The appellants contend that the court erred in allowing the conservator any fees or any attorney fees, because the record shows gross mismanagement of the estate from the time the conservator was appointed down to and including the time of his final report as administrator. The record shows that during the time *317that Mr. Wilson was acting as conservator he was allowed $797 fees for himself and $140 attorney’s fees; that the estate at the time he was appointed conservator consisted of approximately $8,500 net assets; that under his management the estate increased in value. The record also shows that Mr. Wilson made numerous investments of his ward’s funds that were not authorized by law, but we are not prepared to say that the county court and the circuit court erred in allowing his fees and attorney’s fees for managing the estate of Ella P. Sargent, deceased, while he whs such conservator.

The record discloses that Frank P. Wilson after he was appointed administrator of the estate of Ella P. Sargent, deceased, deposited in the Thompson Farm Loan Company the sum of $3,466.63. We know of no rule of law that would permit, or justify, such a transaction, and in our opinion it should not have been done. Mr. Wilson, being an interested party of the Thompson Farm Loan Company, benefited by having deposited this money in said company, and should be held liable to pay to said estate the amount of the deposit, together with the legal rate of interest on the same from the date the deposit was made.

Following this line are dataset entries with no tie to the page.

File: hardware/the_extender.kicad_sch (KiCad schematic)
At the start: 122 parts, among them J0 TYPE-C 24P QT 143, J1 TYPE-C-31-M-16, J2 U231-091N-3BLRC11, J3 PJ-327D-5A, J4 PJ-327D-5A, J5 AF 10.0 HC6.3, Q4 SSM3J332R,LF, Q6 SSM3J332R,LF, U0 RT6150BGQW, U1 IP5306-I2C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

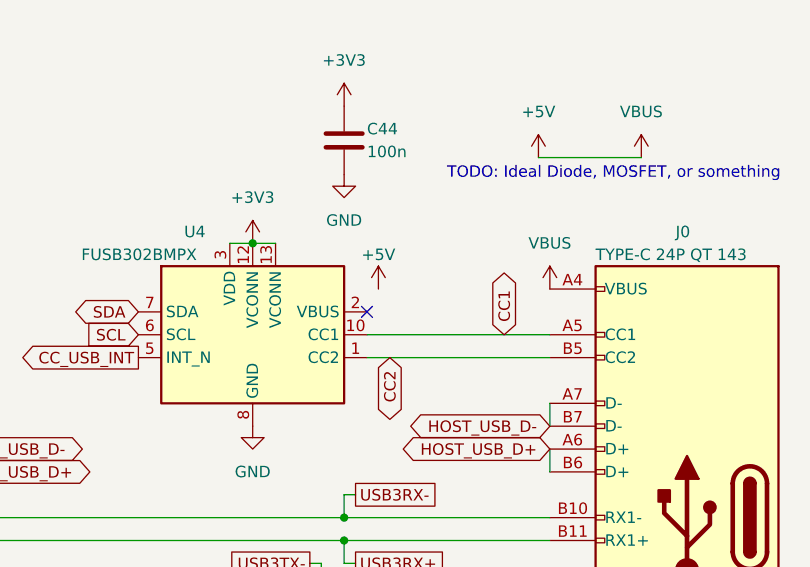
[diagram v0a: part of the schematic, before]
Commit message: reconnect VBUS to FUSB302
i think its needed for the pullups
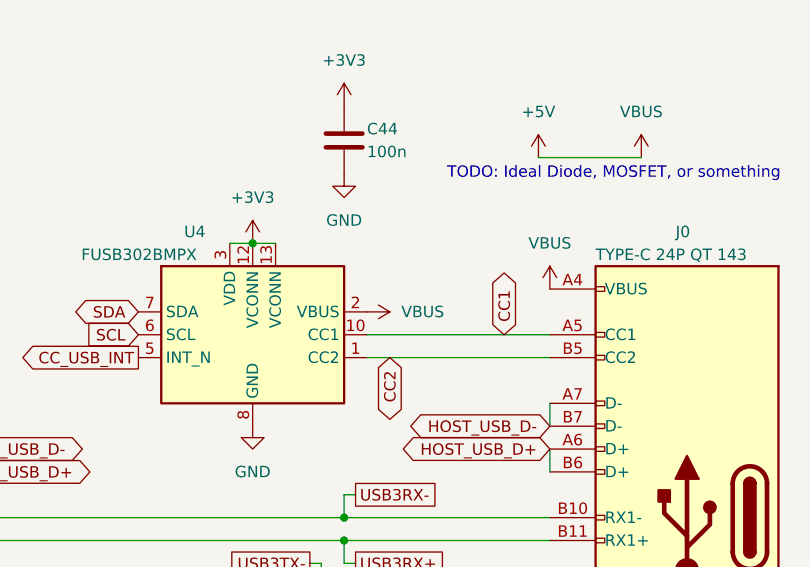
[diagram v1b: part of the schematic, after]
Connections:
- net +5V: now also U4.2 (VBUS)
- no-connect marks 50 -> 49
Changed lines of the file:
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@@
   (no_connect (at 374.65 146.05))
   (no_connect (at 60.96 137.16))
-  (no_connect (at 104.14 46.99))
   (no_connect (at 374.65 74.93))
   (no_connect (at 374.65 138.43))
@@
     )
   )
-  (symbol (lib_id "power:+5V") (at 105.41 44.45 0) (unit 1)
-    (in_bom yes) (on_board yes) (dnp no)
-    (property "Reference" "#PWR0108" (at 105.41 48.26 0)
-      (effects (font (size 1.27 1.27)) hide)
-    )
-    (property "Value" "+5V" (at 105.41 40.64 0)
-      (effects (font (size 1.27 1.27)))
-    )
-    (property "Footprint" "" (at 105.41 44.45 0)
-      (effects (font (size 1.27 1.27)) hide)
-    )
-    (property "Datasheet" "" (at 105.41 44.45 0)
-      (effects (font (size 1.27 1.27)) hide)
-    )
-    (pin "1")
-    (instances
-      (project "the_extender"
-        (path "/e63e39d7-6ac0-4ffd-8aa3-1841a4541b55"
-          (reference "#PWR0108") (unit 1)
-        )
-      )
-    )
-  )
   (symbol (lib_id "Device:R") (at 355.6 53.34 90) (unit 1)
     (in_bom yes) (on_board yes) (dnp no)
@@
         )
       )
+    )
+  )
+  (symbol (lib_id "power:VBUS") (at 104.14 46.99 270) (unit 1)
+    (in_bom yes) (on_board yes) (dnp no) (fields_autoplaced)
+    (property "Reference" "#PWR082" (at 100.33 46.99 0)
+      (effects (font (size 1.27 1.27)) hide)
+    )
+    (property "Value" "VBUS" (at 107.95 46.99 90)
+      (effects (font (size 1.27 1.27)) (justify left))
+    )
+    (property "Footprint" "" (at 104.14 46.99 0)
+      (effects (font (size 1.27 1.27)) hide)
+    )
+    (property "Datasheet" "" (at 104.14 46.99 0)
+      (effects (font (size 1.27 1.27)) hide)
+    )
+    (pin "1")
+    (instances
+      (project "the_extender"
+        (path "/e63e39d7-6ac0-4ffd-8aa3-1841a4541b55"
+          (reference "#PWR082") (unit 1)
+        )
+      )

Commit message: switch 3v3 footprint, fixup stuff
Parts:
- U0: value RT6150BGQW -> RT6150AGQW; footprint Package_SON:WSON-10-1EP_2.5x2.5mm_P0.5mm_EP1.2x2mm -> Package_DFN_QFN:WDFN-10-1EP_3x3mm_P0.5mm_EP1.8x2.5mm
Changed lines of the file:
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@@
       (effects (font (size 1.27 1.27)))
     )
-    (property "Value" "RT6150BGQW" (at 354.33 215.9 0)
+    (property "Value" "RT6150AGQW" (at 354.33 215.9 0)
       (effects (font (size 1.27 1.27)))
     )
-    (property "Footprint" "Package_SON:WSON-10-1EP_2.5x2.5mm_P0.5mm_EP1.2x2mm" (at 354.33 241.3 0)
+    (property "Footprint" "Package_DFN_QFN:WDFN-10-1EP_3x3mm_P0.5mm_EP1.8x2.5mm" (at 354.33 241.3 0)
       (effects (font (size 1.27 1.27)) hide)
     )

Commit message: switch to cheaper and smaller usb hub, part 1
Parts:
- removed R15: 12k, Resistor_SMD:R_0805_2012Metric_Pad1.20x1.40mm_HandSolder, symbol Device:R
- removed R17, R33: 10k, Resistor_SMD:R_0805_2012Metric_Pad1.20x1.40mm_HandSolder, symbol Device:R
- removed U5: USB2514B_Bi, Package_DFN_QFN:QFN-36-1EP_6x6mm_P0.5mm_EP3.7x3.7mm, symbol Interface_USB:USB2514B_Bi
- added JP2, JP3: SolderJumper_2_Open, symbol Jumper:SolderJumper_2_Open
- added U5: ~, Package_DFN_QFN:QFN-24-1EP_4x4mm_P0.5mm_EP2.6x2.6mm, symbol H3_IC:CH334F
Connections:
- net +3.3VP: now also C13.2, C14.2, JP3.1 (A), U5.20 (3V3)
- net CLK_24M: no longer U2.29 (GPIO18)
- net EXT_USB_D+: now also U5.8 (DP3)
- net EXT_USB_D-: now also U5.7 (DN3)
- net GND: now also JP2.1 (A), U5.0 (GND)
- net HOST_USB_D+: now also U5.15 (DPU)
- net HOST_USB_D-: now also U5.14 (DNU)
- net HUB_SCL: now also U5.13 (LED3/SCL)
- net HUB_SDA: now also U5.21 (LED4/SDA)
- net MCU_USB_D+: now also U5.10 (DP2)
- net MCU_USB_D-: now also U5.9 (DN2)
- net SND_USB_D+: now also U5.12 (DP1)
- net SND_USB_D-: now also U5.11 (DN1)
- net STOR_USB_D+: now also U5.6 (DP4)
- net STOR_USB_D-: now also U5.5 (DN4)
- new net: JP3.2 (B), U5.19 (V5)
- new net CLK_12M: JP2.2 (B), U2.29 (GPIO18), U5.4 (XI)
- no-connect marks 49 -> 39
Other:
- moved on the sheet: C13, C14

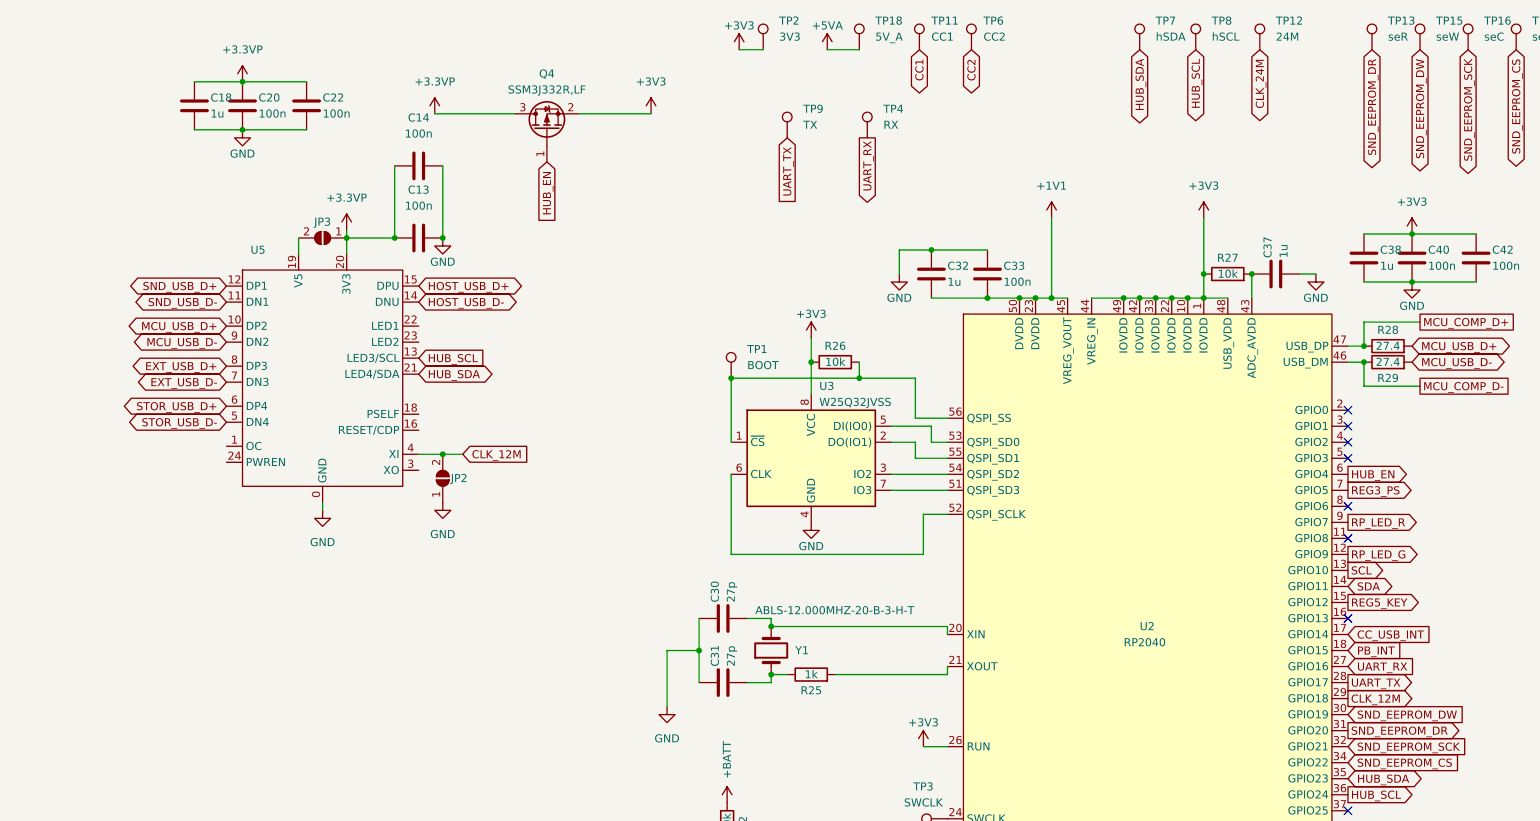
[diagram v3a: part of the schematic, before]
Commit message: switch usb hub, part 2: PCB
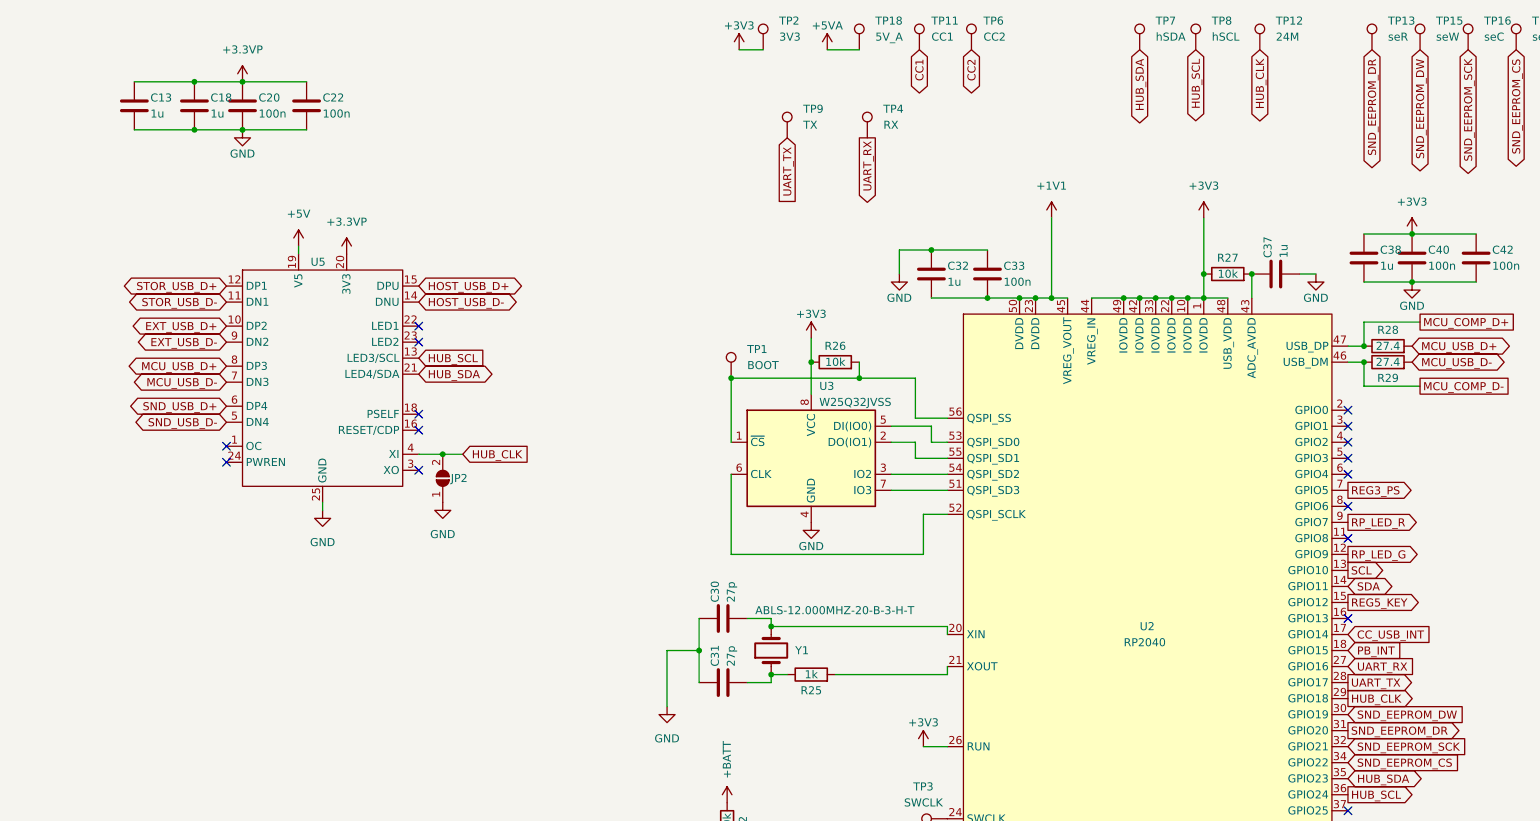
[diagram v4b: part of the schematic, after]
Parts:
- removed C14: 100n, Capacitor_SMD:C_0805_2012Metric_Pad1.18x1.45mm_HandSolder, symbol Device:C
- removed JP3: SolderJumper_2_Open, symbol Jumper:SolderJumper_2_Open
- removed Q4: SSM3J332R,LF, Package_TO_SOT_SMD:SOT-23_Handsoldering, symbol Device:Q_PMOS_GSD
- C13: value 100n -> 1u
- JP2: footprint (none) -> Jumper:SolderJumper-2_P1.3mm_Open_TrianglePad1.0x1.5mm
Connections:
- net CLK_24M is gone; now on net HUB_CLK: TP12.1
- net +3.3VP: now also C13.1; no longer C13.2
- net +5V: now also U5.19 (V5)
- net EXT_USB_D+: now also U5.10 (DP2); no longer U5.8 (DP3)
- net EXT_USB_D-: now also U5.9 (DN2); no longer U5.7 (DN3)
- net GND: now also C13.2, U5.25 (GND); no longer C13.1, U5.0 (GND)
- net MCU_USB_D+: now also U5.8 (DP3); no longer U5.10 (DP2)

The record shows that after Mr. Wilson was appointed administrator he did things which he should not have done and did not do' things that he should have done. The trial court sustained objections to the allowance of $800 fees to such administrator and a $400 fee for his attorney’s fee. In this we think the court was justified. The order of the circuit court is hereby reversed and the case remanded to said court with directions to enter an order in compliance with the facts as set forth in this opinion. On account of the mismanagement of said estate the costs of this appeal are hereby charged against Frank E. Wilson individually.

Reversed and remanded with directions.